Take the lines below between the one holding "D / Q outputs." and the one holding "compiled execution period.", inclusive, and copy them exactly. Add nothing.

[Records contained in a dataset]
↓↓↓
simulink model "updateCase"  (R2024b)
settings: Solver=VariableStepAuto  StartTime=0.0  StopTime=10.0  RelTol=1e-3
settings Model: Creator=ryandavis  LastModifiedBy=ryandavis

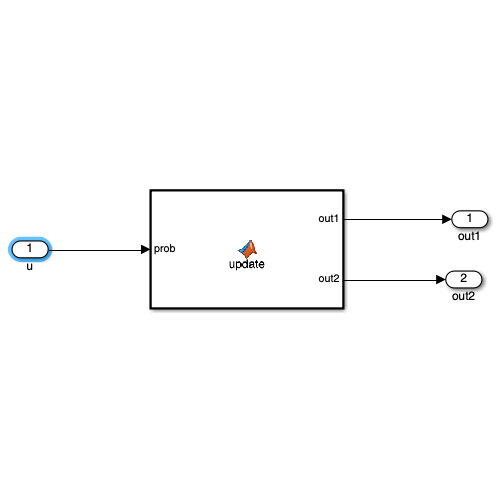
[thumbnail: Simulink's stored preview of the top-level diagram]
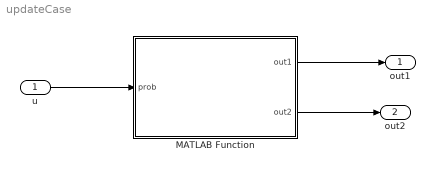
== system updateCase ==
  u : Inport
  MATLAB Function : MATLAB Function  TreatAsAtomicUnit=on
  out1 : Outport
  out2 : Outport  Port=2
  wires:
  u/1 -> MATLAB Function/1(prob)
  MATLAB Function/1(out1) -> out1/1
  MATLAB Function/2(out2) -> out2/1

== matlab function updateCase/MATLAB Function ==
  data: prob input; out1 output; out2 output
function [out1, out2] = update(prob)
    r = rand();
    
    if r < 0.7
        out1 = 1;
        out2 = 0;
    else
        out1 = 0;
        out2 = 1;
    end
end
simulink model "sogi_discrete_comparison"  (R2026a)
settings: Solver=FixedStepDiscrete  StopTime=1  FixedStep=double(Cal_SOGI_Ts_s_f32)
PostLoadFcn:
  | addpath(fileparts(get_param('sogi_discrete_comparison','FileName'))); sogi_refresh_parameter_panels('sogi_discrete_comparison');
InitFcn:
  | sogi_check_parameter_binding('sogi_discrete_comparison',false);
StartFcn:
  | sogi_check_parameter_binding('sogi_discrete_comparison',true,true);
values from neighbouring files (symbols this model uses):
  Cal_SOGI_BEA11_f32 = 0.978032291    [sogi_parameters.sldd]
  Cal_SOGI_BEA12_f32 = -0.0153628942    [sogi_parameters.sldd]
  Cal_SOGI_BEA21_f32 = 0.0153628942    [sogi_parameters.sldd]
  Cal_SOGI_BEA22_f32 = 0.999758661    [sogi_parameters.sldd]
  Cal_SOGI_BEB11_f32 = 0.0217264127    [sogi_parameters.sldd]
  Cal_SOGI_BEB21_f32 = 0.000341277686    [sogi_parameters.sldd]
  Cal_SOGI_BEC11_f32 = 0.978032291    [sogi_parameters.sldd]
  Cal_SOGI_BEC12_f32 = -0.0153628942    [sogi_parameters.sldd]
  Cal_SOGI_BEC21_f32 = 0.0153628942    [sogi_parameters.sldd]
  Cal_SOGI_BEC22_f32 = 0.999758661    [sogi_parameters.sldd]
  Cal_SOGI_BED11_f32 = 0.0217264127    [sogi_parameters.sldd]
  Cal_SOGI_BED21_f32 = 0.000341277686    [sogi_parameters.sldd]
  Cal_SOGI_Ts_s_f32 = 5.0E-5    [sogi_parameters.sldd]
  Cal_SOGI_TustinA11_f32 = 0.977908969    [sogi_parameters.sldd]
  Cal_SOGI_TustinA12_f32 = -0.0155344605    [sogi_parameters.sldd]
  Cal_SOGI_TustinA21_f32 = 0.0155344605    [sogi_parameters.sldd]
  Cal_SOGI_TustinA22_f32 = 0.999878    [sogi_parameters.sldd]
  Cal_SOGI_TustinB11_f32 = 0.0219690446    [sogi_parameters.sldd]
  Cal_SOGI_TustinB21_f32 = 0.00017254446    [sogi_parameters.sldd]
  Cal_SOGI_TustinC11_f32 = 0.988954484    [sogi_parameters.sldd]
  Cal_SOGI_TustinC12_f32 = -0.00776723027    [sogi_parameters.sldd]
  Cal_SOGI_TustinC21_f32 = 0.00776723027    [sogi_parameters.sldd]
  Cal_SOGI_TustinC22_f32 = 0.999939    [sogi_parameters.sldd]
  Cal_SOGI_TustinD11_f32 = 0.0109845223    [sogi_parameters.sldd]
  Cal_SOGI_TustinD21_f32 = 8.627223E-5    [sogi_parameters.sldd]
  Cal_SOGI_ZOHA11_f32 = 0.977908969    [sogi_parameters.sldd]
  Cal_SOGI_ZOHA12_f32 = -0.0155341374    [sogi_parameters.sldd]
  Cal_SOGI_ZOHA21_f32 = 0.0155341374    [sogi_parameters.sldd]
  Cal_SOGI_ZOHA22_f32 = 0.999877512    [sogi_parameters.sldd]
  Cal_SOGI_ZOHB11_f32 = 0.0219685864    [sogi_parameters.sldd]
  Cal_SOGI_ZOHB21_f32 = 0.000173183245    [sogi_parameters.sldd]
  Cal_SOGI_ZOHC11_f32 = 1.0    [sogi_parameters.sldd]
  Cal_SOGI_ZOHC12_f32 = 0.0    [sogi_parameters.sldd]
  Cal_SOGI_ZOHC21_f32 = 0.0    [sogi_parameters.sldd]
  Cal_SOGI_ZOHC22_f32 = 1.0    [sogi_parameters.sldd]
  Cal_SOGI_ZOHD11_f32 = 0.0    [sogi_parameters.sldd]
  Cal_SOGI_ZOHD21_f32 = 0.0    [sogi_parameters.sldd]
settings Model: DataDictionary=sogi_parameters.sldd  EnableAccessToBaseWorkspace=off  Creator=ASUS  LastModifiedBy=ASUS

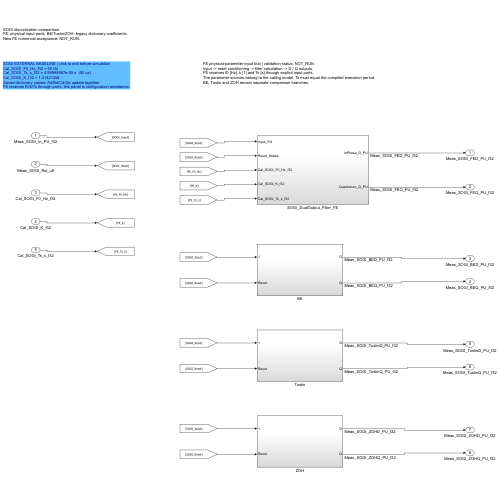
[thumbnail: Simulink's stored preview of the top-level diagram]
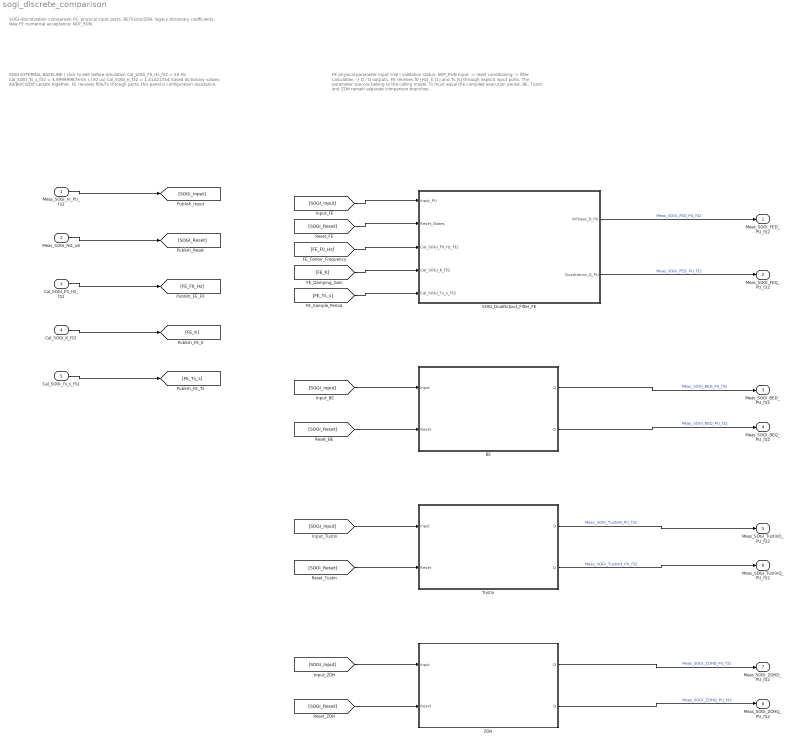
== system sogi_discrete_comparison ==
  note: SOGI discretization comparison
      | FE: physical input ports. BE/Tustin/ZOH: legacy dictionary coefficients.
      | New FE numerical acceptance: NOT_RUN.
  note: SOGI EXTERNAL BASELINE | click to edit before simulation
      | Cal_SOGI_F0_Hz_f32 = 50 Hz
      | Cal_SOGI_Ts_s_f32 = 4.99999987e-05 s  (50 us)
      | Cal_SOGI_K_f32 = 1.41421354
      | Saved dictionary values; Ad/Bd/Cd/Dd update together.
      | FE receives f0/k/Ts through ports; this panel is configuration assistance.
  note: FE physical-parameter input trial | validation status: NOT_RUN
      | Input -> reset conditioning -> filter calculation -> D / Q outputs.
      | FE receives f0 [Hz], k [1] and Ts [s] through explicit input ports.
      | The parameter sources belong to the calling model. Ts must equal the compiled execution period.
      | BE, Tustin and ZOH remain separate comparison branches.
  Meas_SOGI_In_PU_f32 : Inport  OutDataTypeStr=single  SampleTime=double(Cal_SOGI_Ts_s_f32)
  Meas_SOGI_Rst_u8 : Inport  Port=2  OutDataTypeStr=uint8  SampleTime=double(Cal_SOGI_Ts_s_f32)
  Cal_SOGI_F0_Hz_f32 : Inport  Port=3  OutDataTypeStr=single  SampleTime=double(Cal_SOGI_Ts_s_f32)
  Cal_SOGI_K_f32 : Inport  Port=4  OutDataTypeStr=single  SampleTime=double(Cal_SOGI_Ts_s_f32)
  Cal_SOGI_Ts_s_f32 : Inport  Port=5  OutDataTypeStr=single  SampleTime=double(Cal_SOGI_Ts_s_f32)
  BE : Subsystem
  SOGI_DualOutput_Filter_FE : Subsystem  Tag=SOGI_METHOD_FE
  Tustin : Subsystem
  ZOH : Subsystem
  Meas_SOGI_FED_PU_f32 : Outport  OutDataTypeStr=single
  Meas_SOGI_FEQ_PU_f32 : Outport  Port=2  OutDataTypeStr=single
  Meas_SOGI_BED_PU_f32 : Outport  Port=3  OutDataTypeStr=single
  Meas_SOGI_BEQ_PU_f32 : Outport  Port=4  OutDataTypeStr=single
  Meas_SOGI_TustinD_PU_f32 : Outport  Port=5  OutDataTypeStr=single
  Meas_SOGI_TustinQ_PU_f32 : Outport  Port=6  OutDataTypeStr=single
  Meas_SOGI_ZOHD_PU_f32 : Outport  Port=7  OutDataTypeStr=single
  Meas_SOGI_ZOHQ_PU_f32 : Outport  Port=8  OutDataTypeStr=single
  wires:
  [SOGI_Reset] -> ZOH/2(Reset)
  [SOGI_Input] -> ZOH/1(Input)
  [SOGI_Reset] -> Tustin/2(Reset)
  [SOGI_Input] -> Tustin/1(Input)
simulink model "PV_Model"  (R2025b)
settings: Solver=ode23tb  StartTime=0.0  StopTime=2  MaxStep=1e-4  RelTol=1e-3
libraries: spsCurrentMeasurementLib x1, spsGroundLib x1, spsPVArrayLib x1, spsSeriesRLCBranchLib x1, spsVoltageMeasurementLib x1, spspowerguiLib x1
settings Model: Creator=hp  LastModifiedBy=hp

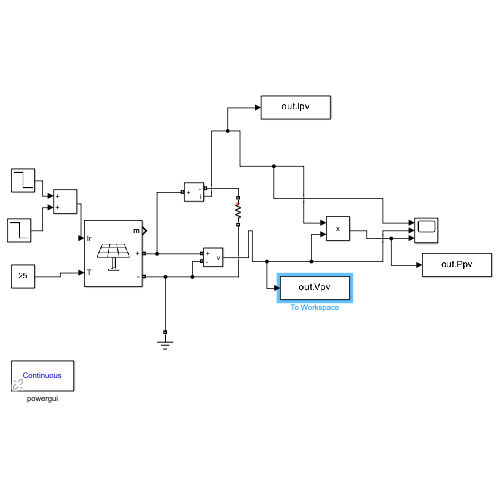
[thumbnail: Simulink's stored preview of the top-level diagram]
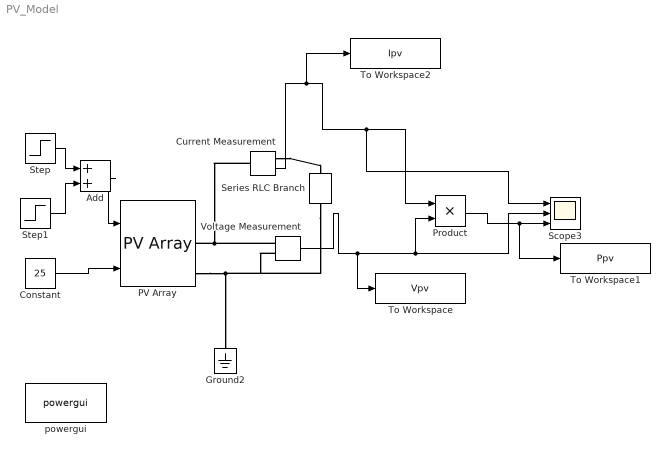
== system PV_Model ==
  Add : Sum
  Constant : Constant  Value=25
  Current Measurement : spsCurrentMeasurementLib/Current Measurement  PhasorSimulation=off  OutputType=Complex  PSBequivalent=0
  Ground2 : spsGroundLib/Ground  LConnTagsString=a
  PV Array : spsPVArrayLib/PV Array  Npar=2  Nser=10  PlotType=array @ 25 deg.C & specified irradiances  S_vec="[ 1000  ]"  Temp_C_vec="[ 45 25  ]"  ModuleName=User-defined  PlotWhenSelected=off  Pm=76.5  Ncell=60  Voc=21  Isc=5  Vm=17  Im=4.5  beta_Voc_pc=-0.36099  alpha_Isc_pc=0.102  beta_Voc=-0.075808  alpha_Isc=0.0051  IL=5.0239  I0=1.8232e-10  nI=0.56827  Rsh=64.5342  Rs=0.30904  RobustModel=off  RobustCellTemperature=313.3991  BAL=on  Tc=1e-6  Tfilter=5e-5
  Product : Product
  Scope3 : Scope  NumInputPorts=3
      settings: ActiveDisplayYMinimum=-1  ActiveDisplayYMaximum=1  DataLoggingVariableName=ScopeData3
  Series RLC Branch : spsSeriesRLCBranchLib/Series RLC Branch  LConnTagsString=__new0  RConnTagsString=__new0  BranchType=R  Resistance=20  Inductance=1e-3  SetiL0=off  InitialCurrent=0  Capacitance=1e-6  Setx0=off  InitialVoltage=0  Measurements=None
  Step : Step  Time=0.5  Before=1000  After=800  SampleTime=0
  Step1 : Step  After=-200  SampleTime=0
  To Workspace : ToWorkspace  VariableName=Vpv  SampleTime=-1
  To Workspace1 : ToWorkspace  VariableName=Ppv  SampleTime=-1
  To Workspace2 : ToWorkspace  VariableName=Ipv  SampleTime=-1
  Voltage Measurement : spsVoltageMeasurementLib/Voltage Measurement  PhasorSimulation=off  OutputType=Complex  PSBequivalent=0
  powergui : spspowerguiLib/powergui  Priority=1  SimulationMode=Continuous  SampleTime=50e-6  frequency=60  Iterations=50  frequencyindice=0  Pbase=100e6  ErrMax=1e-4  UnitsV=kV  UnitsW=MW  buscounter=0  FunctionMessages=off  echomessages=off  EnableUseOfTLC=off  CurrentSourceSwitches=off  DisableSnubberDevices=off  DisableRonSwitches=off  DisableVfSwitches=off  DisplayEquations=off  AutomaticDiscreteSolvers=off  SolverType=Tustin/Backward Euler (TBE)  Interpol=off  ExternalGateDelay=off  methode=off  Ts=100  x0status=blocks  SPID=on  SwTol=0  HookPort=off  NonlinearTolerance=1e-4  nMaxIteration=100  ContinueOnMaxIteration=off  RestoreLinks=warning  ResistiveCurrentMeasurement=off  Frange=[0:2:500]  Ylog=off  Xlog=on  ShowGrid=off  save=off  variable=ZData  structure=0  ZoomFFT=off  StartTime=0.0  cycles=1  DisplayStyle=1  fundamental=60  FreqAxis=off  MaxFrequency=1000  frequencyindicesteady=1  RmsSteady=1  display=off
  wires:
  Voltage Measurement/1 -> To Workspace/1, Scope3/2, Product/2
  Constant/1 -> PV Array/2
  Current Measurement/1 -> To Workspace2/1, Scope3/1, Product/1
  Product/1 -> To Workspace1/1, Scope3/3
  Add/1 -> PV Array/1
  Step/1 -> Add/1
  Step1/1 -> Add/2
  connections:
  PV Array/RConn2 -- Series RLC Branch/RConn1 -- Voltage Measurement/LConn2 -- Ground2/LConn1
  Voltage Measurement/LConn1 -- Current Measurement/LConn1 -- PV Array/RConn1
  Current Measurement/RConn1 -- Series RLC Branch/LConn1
↑↑↑
▶ **ANSWER SECTION**:
      | Input -> reset conditioning -> filter calculation -> D / Q outputs.
      | FE receives f0 [Hz], k [1] and Ts [s] through explicit input ports.
      | The parameter sources belong to the calling model. Ts must equal the compiled execution period.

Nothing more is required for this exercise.